Cora stared at the letter for a minute, then read it through again. Written on a typewriter, it had been posted, according to the postmark, in the London West Central district. The letters to which it referred she remembered only too well. They were all the letters she had written to Sir Stephen and that he had written to her during the time she had been married and while her husband was alive.

She was alone in her room, and she sat down on the bed and began to think. Who in the world could have obtained possession of those letters, especially those she had received? Some servant? Mentallyshe reviewed the various servants who had been in her employment during the past years, but none seemed the sort likely to steal letters or attempt to levy blackmail.

Then, all at once, she remembered Yootha’s telling her long ago, one day when they had been talking in confidence about poor Stephen Lethbridge’s sad end, that her father had told her that strange-looking men and women had been in the habit of visiting Sir Stephen at Abbey Hall, in his place in Cumberland, shortly before his death. She wondered now, as she had wondered then, who those people could have been, and why they had visited Sir Stephen.

But that, after all, she now reflected, was not of moment.

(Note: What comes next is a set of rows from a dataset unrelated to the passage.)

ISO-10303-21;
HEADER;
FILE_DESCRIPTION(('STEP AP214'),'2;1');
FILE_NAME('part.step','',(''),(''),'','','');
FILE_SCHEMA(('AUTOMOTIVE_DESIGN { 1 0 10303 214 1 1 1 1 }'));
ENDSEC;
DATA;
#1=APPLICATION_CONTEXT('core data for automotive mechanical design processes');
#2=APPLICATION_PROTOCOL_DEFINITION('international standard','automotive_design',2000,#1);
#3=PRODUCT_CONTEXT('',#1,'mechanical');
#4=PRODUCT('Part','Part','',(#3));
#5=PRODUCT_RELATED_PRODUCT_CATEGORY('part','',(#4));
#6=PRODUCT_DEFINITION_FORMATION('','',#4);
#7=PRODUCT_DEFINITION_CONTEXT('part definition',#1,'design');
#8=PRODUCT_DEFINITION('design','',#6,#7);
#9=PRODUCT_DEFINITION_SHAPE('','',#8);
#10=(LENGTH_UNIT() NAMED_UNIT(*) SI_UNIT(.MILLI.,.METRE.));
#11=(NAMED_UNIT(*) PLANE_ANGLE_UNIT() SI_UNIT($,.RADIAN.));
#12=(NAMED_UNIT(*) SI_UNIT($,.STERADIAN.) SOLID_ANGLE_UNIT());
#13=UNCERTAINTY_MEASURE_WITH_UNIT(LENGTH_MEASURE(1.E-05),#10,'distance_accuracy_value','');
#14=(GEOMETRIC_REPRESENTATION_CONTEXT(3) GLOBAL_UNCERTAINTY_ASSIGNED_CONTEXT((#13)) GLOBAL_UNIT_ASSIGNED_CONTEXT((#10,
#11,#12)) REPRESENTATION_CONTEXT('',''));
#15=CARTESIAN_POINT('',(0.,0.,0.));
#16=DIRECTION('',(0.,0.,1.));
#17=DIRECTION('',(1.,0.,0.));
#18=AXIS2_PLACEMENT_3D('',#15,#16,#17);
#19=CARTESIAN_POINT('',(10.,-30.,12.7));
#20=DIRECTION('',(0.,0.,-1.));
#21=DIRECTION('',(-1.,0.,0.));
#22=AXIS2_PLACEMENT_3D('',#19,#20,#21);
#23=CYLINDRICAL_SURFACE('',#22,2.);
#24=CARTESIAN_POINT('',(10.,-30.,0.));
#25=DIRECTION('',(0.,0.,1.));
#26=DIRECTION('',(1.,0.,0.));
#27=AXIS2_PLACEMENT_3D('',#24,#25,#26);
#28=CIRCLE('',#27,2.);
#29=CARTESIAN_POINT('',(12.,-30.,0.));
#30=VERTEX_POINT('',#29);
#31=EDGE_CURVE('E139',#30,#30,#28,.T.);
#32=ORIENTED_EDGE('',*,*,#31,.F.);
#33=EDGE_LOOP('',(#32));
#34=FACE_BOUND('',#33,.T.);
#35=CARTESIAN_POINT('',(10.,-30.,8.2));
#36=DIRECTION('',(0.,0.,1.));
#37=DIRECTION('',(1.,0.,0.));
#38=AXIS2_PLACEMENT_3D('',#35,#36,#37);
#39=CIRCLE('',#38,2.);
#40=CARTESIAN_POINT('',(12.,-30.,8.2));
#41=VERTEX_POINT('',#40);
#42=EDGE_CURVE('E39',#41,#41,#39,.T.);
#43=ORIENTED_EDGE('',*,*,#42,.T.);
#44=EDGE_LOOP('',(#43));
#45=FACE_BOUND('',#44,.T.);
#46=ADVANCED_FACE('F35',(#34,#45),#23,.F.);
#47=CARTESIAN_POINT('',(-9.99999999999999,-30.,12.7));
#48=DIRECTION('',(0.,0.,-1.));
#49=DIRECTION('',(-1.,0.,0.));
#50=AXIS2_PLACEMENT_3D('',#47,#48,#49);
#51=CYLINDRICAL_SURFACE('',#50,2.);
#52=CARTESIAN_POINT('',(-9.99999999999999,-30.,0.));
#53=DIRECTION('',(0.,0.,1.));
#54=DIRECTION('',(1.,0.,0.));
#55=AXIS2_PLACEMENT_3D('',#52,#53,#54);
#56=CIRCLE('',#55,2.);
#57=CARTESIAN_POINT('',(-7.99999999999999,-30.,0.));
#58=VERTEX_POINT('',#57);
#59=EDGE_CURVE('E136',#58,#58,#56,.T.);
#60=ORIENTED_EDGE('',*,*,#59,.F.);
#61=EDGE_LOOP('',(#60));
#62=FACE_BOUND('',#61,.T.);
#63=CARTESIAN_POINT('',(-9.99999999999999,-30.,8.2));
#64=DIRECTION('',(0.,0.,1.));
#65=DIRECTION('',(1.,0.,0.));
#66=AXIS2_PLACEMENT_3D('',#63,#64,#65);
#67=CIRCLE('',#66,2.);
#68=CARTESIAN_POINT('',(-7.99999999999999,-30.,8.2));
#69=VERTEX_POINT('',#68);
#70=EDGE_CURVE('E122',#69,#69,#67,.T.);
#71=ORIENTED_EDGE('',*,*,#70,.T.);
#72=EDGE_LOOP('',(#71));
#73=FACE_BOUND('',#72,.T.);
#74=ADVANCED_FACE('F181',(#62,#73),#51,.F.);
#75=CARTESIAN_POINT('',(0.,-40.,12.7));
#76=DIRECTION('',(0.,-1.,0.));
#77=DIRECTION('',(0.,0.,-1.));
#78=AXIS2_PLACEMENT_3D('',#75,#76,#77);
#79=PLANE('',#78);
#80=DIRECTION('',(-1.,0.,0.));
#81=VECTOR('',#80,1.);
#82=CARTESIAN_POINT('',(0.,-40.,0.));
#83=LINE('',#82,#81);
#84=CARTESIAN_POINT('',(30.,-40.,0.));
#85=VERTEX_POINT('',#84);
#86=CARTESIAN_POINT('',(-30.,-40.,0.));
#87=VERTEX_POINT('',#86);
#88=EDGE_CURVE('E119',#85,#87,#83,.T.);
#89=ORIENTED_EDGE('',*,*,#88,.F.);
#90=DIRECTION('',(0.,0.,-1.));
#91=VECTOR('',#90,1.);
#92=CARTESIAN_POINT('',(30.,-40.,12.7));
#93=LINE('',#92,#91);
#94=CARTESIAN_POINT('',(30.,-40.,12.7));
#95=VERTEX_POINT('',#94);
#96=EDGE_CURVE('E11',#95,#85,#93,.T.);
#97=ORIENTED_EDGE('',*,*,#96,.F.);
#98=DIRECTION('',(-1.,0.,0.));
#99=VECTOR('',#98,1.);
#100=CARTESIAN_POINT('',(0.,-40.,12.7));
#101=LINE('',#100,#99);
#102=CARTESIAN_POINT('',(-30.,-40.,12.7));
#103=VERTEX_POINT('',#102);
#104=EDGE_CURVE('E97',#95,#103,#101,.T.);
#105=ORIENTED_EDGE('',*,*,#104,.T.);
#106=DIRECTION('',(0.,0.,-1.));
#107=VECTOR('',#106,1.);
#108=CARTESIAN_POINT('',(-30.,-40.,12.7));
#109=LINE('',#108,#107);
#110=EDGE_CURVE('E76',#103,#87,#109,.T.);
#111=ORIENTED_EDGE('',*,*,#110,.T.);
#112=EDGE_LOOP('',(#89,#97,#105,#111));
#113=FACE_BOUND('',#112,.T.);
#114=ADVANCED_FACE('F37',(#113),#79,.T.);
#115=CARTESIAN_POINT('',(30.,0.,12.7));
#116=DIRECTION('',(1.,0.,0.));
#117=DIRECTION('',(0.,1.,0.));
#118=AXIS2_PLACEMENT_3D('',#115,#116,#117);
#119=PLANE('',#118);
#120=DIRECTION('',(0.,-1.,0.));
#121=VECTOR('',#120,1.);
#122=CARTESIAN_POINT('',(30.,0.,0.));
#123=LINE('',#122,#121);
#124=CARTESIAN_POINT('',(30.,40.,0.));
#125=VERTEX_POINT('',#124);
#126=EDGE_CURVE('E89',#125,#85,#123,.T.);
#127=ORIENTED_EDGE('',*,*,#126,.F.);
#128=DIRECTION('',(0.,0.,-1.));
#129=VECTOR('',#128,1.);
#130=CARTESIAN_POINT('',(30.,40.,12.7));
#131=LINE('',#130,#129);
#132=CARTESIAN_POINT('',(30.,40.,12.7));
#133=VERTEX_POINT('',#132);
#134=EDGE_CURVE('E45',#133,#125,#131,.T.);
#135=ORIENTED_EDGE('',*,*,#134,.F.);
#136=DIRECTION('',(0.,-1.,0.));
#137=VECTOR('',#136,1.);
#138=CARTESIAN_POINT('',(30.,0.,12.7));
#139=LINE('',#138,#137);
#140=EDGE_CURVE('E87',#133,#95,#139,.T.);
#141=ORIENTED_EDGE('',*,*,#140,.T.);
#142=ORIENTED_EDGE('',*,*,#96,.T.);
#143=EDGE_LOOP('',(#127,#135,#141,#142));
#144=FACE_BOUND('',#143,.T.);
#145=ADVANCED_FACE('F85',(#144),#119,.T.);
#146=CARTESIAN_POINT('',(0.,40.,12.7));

What did matter was that her letters should be in the keeping of someone determined to do her an injury which would affect the whole of her future life if she refused to buy them back at the sum named in the letter she held in her hand.

For a quarter of an hour or more she sat there, pondering deeply. She had received in the course of her life several hard knocks, and not once had her spirit failed her. It came back to her now that Stephen had more than once warned her to be more careful about what she put in writing; but then, she reflected, had he not himself been almost as reckless every time he wrote to her? Both were emotional by nature; both were highly imaginative, and they became carried away by their feelings when in correspondence with each other.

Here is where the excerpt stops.